|
Hello my dear fellows. I have been thinking on applying Dirichlet processes to Particle Swarm Optimization, haven't found any papers. This means that it either isn't a good idea or no one has thought about that. My idea is to use the DP priors to help maintain the structure of the Overall Particle Swarm, since one of the problems of PSO is that it sometimes looses structure and uses too many particles for the optimization. In basic PSO we usually have a random set of particles that direct themselves to an optimal result based on a velocity and a relative position with the target and the particle closest to the target. Since the particles growing closer to the target are more likely to be eventually the optimal, I was thinking on assigning weights according how many particles they had close to them. (Since every particle would try to grow closer to the optimal one in the group). Thus a particle with a lot of neighbors would be bound to have more neighbors. Thus DP comes into game, if we use a virtual clustering, where the prior is given by something like a Chinese Restaurant Process (An cluster with a lot of elements is bound to attract more elements), we could model this kind of dynamic. My question is: Does this sounds feasible or am I talking bananas here. Thanks |
How would you write down a generative story for this? It seems that the optimization might not necessarily fit in a density. Also, if you don't have conjugacy using the DP gets a lot harder.
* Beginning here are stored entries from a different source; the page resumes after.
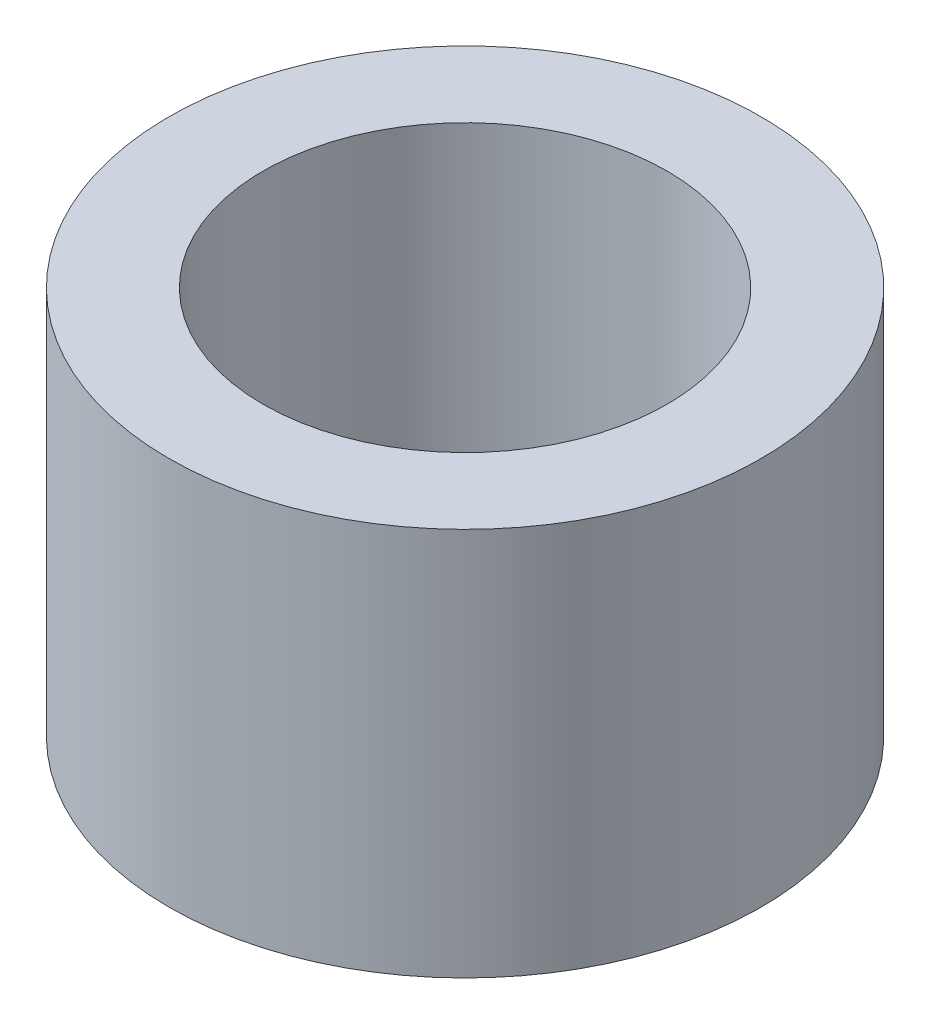
from build123d import *

# Parameters (mm, degrees)
SKETCH1_R           = 3.81
SKETCH1_R_2         = 2.6
BOSS_EXTRUDE1_DEPTH = 5


with BuildPart() as part:
    # Sketch1 → Boss-Extrude1 (new body)
    with BuildSketch(Plane(origin=(0, 0, 0), x_dir=(1, 0, 0), z_dir=(0, 1, 0))):
        Circle(SKETCH1_R)
        Circle(SKETCH1_R_2, mode=Mode.SUBTRACT)
    extrude(amount=BOSS_EXTRUDE1_DEPTH)


solid = part.part

Did not think on the conjugacy.
Implement particle assignment as a chinese restaurant process. There is some prior for particle assignments based on whatever the normal process is, then this likelihood is multiplied by the CRP parameters: m_k/(n+alpha-1) if the cluster has members, alpha/(n+alpha-1 otherwise. Note, though, that this tends to result in exponential distribution of cluster sizes, which may not improve your results.
Consider other priors, like a preferential attachment prior (ex. where the "new cluster" term is a fixed fraction) that generates a power-law distribution, or even a distribution that hard-limits particles from joining already-saturated clusters.